─── MATERIAL FOR THIS EXERCISE
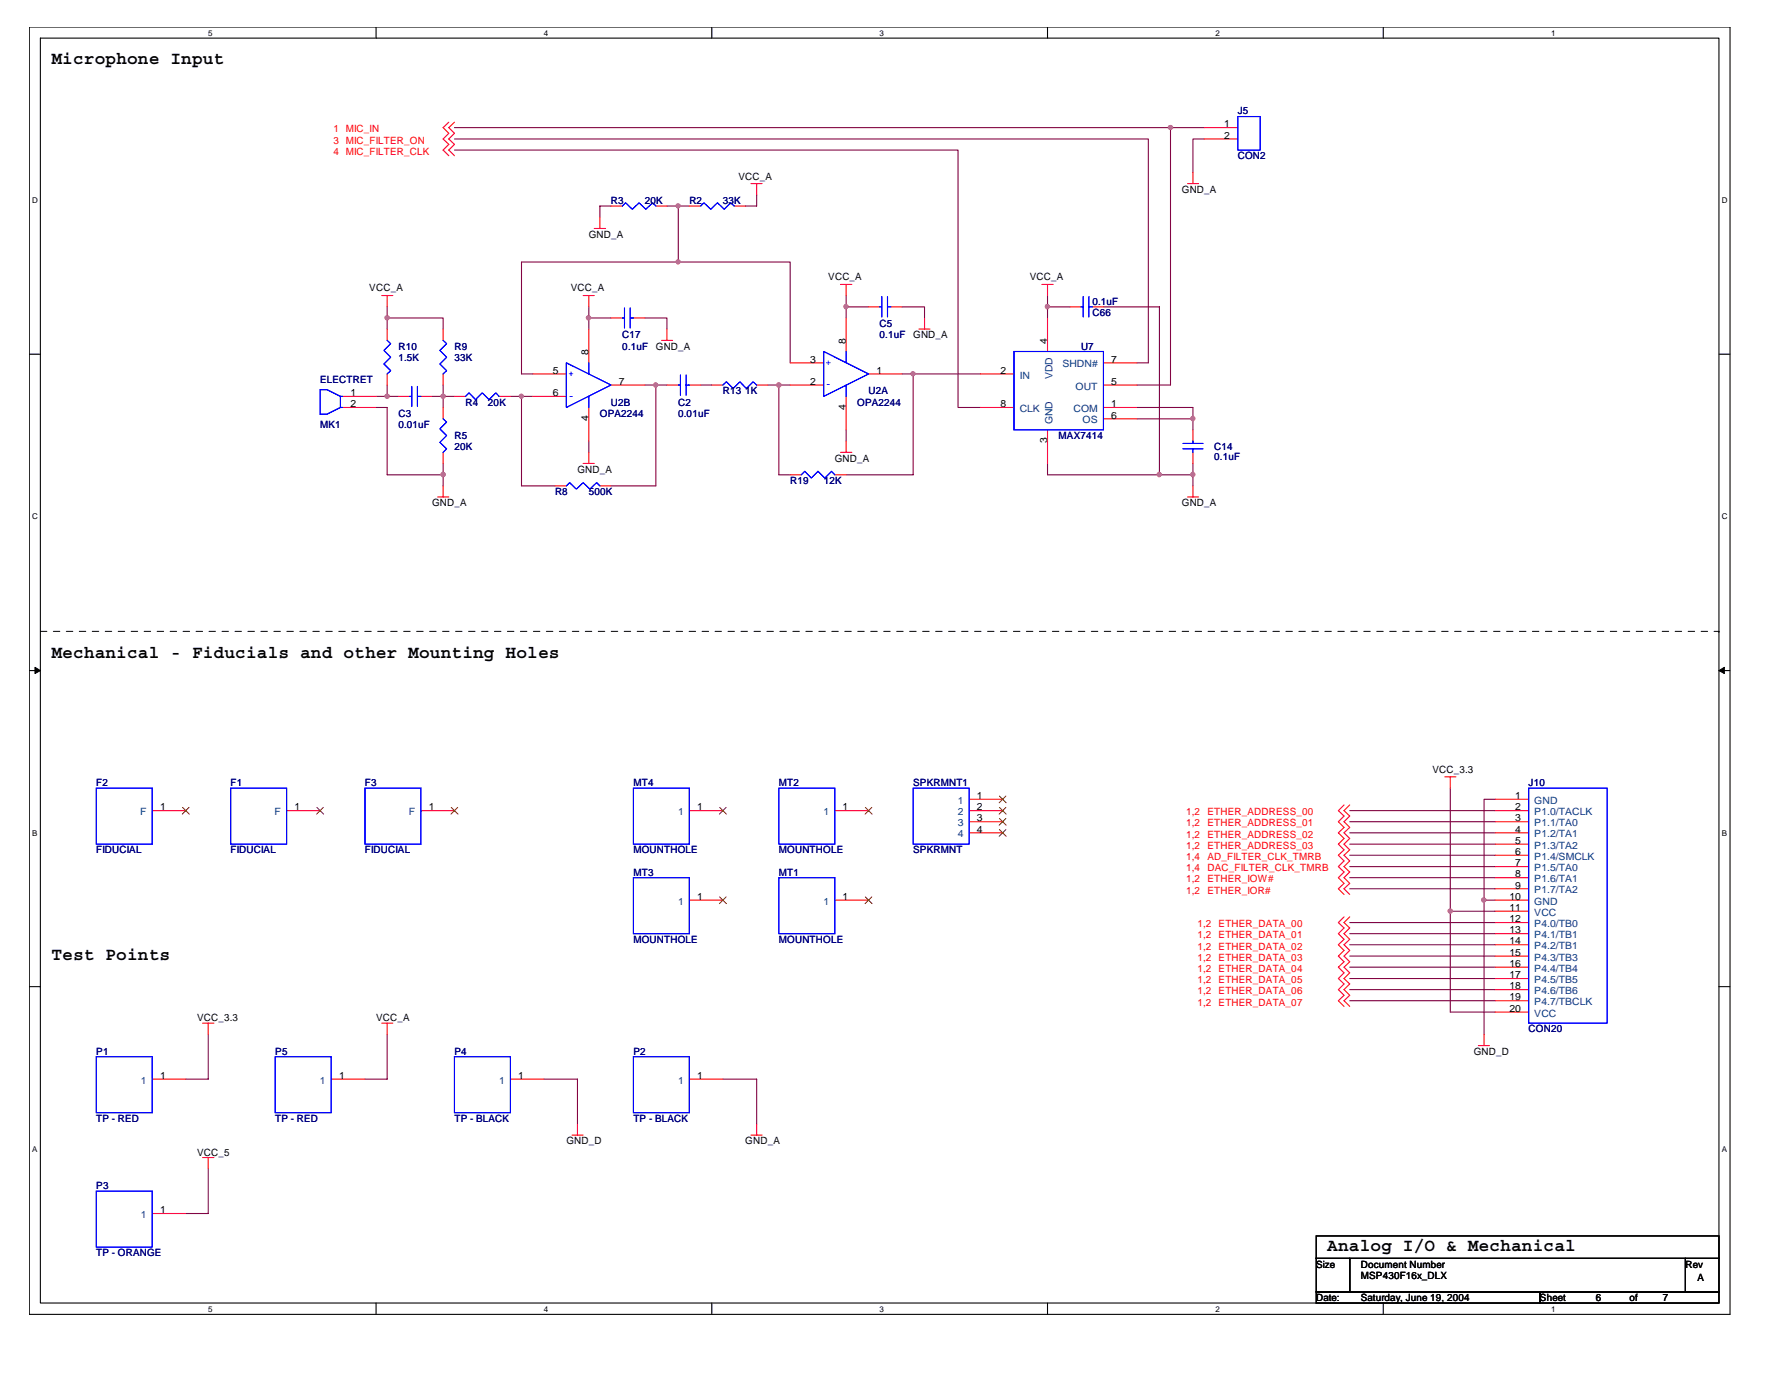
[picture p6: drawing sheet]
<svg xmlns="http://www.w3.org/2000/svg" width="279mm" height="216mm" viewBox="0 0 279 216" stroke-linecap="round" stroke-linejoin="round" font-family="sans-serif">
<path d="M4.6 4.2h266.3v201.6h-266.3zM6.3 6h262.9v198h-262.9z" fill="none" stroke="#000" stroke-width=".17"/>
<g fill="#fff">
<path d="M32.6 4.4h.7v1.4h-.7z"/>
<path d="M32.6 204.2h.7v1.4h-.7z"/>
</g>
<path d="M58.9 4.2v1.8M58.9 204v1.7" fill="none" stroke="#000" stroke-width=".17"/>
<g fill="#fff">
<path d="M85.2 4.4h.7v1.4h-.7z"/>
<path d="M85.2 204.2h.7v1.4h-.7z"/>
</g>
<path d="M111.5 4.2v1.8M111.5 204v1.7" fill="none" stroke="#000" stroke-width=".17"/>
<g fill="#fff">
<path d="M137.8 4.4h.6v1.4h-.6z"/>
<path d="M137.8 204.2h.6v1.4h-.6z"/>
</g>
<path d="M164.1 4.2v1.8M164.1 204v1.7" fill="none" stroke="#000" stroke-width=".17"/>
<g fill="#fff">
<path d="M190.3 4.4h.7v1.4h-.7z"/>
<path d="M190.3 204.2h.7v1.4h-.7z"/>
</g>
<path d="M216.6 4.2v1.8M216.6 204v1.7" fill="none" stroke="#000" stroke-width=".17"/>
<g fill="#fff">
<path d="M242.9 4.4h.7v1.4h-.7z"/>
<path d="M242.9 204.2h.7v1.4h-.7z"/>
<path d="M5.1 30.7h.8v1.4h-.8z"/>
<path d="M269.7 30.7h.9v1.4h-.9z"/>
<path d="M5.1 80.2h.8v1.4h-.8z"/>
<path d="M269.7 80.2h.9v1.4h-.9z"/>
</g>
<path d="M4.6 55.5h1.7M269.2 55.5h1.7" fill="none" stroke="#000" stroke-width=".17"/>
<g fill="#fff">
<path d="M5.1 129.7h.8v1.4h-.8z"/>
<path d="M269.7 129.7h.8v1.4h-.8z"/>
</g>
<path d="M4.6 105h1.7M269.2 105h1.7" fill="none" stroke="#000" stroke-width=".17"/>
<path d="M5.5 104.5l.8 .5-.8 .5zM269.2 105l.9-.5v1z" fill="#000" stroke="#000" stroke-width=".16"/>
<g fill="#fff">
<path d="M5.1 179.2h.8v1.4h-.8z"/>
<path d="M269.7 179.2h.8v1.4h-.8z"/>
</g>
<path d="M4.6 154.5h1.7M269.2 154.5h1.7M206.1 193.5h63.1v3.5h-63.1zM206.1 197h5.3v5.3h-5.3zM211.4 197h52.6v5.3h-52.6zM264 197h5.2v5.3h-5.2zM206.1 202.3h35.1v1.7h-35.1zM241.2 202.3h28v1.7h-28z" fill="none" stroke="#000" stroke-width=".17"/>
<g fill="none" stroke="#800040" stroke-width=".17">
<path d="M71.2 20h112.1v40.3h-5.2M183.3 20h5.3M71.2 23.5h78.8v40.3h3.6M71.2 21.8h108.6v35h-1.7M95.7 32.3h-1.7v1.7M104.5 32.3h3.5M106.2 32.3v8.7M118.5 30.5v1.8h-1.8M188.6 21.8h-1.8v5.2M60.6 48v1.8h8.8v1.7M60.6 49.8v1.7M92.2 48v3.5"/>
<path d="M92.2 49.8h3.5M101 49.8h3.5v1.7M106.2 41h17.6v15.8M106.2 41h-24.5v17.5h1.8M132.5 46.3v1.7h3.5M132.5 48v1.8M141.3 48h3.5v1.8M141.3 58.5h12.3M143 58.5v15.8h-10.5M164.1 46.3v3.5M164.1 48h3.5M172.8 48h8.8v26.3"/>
──────
REQUIRED ACTION
Whenever a picture appears, leave it out, and return every record exactly.

ANSWER TO THIS EXERCISE
[picture p6: drawing sheet]
<svg xmlns="http://www.w3.org/2000/svg" width="279mm" height="216mm" viewBox="0 0 279 216" stroke-linecap="round" stroke-linejoin="round" font-family="sans-serif">
<path d="M4.6 4.2h266.3v201.6h-266.3zM6.3 6h262.9v198h-262.9z" fill="none" stroke="#000" stroke-width=".17"/>
<g fill="#fff">
<path d="M32.6 4.4h.7v1.4h-.7z"/>
<path d="M32.6 204.2h.7v1.4h-.7z"/>
</g>
<path d="M58.9 4.2v1.8M58.9 204v1.7" fill="none" stroke="#000" stroke-width=".17"/>
<g fill="#fff">
<path d="M85.2 4.4h.7v1.4h-.7z"/>
<path d="M85.2 204.2h.7v1.4h-.7z"/>
</g>
<path d="M111.5 4.2v1.8M111.5 204v1.7" fill="none" stroke="#000" stroke-width=".17"/>
<g fill="#fff">
<path d="M137.8 4.4h.6v1.4h-.6z"/>
<path d="M137.8 204.2h.6v1.4h-.6z"/>
</g>
<path d="M164.1 4.2v1.8M164.1 204v1.7" fill="none" stroke="#000" stroke-width=".17"/>
<g fill="#fff">
<path d="M190.3 4.4h.7v1.4h-.7z"/>
<path d="M190.3 204.2h.7v1.4h-.7z"/>
</g>
<path d="M216.6 4.2v1.8M216.6 204v1.7" fill="none" stroke="#000" stroke-width=".17"/>
<g fill="#fff">
<path d="M242.9 4.4h.7v1.4h-.7z"/>
<path d="M242.9 204.2h.7v1.4h-.7z"/>
<path d="M5.1 30.7h.8v1.4h-.8z"/>
<path d="M269.7 30.7h.9v1.4h-.9z"/>
<path d="M5.1 80.2h.8v1.4h-.8z"/>
<path d="M269.7 80.2h.9v1.4h-.9z"/>
</g>
<path d="M4.6 55.5h1.7M269.2 55.5h1.7" fill="none" stroke="#000" stroke-width=".17"/>
<g fill="#fff">
<path d="M5.1 129.7h.8v1.4h-.8z"/>
<path d="M269.7 129.7h.8v1.4h-.8z"/>
</g>
<path d="M4.6 105h1.7M269.2 105h1.7" fill="none" stroke="#000" stroke-width=".17"/>
<path d="M5.5 104.5l.8 .5-.8 .5zM269.2 105l.9-.5v1z" fill="#000" stroke="#000" stroke-width=".16"/>
<g fill="#fff">
<path d="M5.1 179.2h.8v1.4h-.8z"/>
<path d="M269.7 179.2h.8v1.4h-.8z"/>
</g>
<path d="M4.6 154.5h1.7M269.2 154.5h1.7M206.1 193.5h63.1v3.5h-63.1zM206.1 197h5.3v5.3h-5.3zM211.4 197h52.6v5.3h-52.6zM264 197h5.2v5.3h-5.2zM206.1 202.3h35.1v1.7h-35.1zM241.2 202.3h28v1.7h-28z" fill="none" stroke="#000" stroke-width=".17"/>
<g fill="none" stroke="#800040" stroke-width=".17">
<path d="M71.2 20h112.1v40.3h-5.2M183.3 20h5.3M71.2 23.5h78.8v40.3h3.6M71.2 21.8h108.6v35h-1.7M95.7 32.3h-1.7v1.7M104.5 32.3h3.5M106.2 32.3v8.7M118.5 30.5v1.8h-1.8M188.6 21.8h-1.8v5.2M60.6 48v1.8h8.8v1.7M60.6 49.8v1.7M92.2 48v3.5"/>
<path d="M92.2 49.8h3.5M101 49.8h3.5v1.7M106.2 41h17.6v15.8M106.2 41h-24.5v17.5h1.8M132.5 46.3v1.7h3.5M132.5 48v1.8M141.3 48h3.5v1.8M141.3 58.5h12.3M143 58.5v15.8h-10.5M164.1 46.3v3.5M164.1 48h3.5M172.8 48h8.8v26.3"/>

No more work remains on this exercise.